# Yellow Gravel Questions



## REALITY BITES

I would like to run out to the Yellow Gravel on saturday but I have a few questions, first of all if any of you have the GPS numbers for the Yellow Gravel I would appriciate it. I would like to go and fish for Grouper and was wondering what everyone else is using for bait and how you are setting up. To be honest this was my first summer running out to any deep water and I have not caught a grouper all year and I just dont realy no what I am doing wrong. I have been using frozen cigar minows and squid for bait and some mingo,s butterflyed if I have them but I still have not had any luck so any help you might be able to give would be great.

Thanks 

Lucas


----------



## Barnacle Brain

N29 42.067 W87 20.968 ,

N29 50.433 W87 18.248 


http://www.pensacolafishingforum.com/forum/forums/thread-view.asp?tid=2085&posts=15

I would definately suggest spending time or money on some live bait. I usually find some deep grass beds and chum with a can of jack mack or a can of sardines and then cast net them up. The biggest grouper I ever caught were on live pin fish. Hope this helps.


----------



## mpmorr

I cant give you any help on the numbers but try using white snapper and pinfish. On the pinfish, clip the fins, and use a 12-14 oz wt to get it down quickly, and through the current.. I use a 10-12/0 circle hook on 150 flouro. I use only braid after a very frustrating lesson I learned aboard the REEL FIESTY, mono just stretches to much and allows the fish to get back into structure. In fact that setup is one I learned from James. Hope it helps


----------



## Stressless

The "yellow Gravel area is really nothing more then the Edge further SW. Let's See if I can find that old picture 



Also while the old forum is on -line go and search for Yellow Gravel and add some words that might narrow it. LOTS of good stuff to find back there. Try 32.5 Miles at 180True from the pass. - Look around.



:mmmbeer

Stressless


----------



## Barnacle Brain

Hey Stressless, if you notice the link that I provided was your report from the yellow gravel back in '04.


----------



## Ocean Man

When you get out to the Yellow Gravel just cruise around looking at your bottom finder. There is lots of structure out there. Some big ledges and big rocks out there. As for Grouper fishing this is a rule of thumb I go by for baits. Big live bait is best for Gags, dead butterflied is best for Red Grouper and small live baits/small pieces of squid is best for Scamps. The spots that I fish in the Yellow Gravel are 200-240ft deep.


----------



## REALITY BITES

Thanks for all of your help and hopefully I might just be able to catch one or two.
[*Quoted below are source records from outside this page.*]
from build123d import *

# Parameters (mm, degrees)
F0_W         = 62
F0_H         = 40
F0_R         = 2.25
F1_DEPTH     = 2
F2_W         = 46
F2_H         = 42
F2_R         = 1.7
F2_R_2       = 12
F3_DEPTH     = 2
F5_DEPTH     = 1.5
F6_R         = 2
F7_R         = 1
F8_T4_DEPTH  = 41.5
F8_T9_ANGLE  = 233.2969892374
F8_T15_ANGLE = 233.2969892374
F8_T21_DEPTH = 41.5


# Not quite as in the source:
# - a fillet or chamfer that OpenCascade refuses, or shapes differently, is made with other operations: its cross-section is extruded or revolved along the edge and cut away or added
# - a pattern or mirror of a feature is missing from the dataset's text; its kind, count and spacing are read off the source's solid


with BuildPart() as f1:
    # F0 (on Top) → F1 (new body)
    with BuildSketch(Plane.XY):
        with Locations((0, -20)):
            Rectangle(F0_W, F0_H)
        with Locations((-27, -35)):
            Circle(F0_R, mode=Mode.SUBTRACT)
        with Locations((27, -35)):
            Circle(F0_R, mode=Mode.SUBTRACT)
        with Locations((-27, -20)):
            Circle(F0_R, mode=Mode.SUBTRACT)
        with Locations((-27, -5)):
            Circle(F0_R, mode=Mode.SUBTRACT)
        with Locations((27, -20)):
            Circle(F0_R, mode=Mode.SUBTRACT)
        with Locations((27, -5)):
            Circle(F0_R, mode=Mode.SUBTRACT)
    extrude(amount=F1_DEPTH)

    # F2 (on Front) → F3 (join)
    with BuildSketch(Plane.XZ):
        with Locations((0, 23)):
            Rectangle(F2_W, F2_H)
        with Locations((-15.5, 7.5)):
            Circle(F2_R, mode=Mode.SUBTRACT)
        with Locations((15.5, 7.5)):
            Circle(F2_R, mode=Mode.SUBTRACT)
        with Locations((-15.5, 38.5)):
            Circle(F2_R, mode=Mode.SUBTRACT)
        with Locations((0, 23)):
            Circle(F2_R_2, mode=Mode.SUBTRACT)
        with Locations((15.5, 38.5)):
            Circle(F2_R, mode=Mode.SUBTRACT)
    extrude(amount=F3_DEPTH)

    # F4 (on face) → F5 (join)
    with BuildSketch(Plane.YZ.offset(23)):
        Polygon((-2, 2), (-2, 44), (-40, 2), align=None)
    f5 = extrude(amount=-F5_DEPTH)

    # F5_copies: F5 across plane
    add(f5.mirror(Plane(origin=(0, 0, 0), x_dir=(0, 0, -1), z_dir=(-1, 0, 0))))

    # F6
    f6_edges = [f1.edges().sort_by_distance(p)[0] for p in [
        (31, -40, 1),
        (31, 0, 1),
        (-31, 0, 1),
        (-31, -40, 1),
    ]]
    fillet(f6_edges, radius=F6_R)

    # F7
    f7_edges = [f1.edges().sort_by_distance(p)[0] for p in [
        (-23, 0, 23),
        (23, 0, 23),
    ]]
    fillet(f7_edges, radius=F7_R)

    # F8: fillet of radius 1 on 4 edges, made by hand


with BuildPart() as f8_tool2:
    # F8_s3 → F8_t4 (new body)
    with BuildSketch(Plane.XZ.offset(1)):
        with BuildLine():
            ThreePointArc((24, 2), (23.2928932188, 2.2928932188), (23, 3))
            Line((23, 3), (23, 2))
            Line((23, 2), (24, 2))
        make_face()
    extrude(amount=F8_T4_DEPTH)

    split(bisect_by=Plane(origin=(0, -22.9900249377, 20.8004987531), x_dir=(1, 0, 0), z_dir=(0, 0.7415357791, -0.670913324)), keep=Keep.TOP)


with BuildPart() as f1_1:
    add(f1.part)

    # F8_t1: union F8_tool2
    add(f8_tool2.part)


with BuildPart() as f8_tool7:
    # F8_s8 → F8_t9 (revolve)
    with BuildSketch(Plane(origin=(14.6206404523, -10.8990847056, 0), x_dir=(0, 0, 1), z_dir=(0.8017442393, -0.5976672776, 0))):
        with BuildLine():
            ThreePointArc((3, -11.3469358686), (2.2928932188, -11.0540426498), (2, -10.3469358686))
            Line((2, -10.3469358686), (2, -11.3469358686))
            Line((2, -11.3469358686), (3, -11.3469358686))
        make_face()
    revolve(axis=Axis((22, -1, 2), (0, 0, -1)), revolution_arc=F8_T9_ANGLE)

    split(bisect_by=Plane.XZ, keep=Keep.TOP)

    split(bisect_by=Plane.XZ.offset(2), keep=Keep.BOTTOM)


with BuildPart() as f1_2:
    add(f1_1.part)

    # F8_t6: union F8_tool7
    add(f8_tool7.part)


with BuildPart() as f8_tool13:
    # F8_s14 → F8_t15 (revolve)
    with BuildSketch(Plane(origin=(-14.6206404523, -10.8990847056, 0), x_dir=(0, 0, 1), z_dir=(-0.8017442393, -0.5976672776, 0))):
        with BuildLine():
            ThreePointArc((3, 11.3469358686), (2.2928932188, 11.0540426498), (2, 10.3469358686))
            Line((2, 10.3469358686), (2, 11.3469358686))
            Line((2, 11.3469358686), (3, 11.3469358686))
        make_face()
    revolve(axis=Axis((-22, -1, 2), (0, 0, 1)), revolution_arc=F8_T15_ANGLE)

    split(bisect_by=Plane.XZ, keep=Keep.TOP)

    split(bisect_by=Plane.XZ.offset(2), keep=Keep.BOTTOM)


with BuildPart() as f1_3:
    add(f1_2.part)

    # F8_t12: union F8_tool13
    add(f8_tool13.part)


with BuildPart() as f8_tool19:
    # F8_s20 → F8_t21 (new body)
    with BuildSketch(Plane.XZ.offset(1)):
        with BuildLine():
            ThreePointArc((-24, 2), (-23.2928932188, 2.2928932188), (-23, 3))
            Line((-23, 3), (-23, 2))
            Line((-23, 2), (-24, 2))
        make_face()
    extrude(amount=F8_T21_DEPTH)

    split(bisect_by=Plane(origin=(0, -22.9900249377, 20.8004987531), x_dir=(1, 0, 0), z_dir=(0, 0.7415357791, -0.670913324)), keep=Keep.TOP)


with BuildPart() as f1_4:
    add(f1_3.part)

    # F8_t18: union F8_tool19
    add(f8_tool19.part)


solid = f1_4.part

Do any of you no if the bait boat is still hanging out arounf the pass ?

Thanks Again

Lucas


----------



## cuzmondo

I can relate to the problem of losing fish due to the stretch effect of the mono. Never spooled with any braided line, so could any of you that know the ropes give me some advice on the braided line. Will be putting it on Penn 4/0 and 330 GTi reels. Please no Penn bashing, I like them and they work for us; easy to use, repair and keep up, just need some input on the line for fishing deep for grouper. :bowdown


----------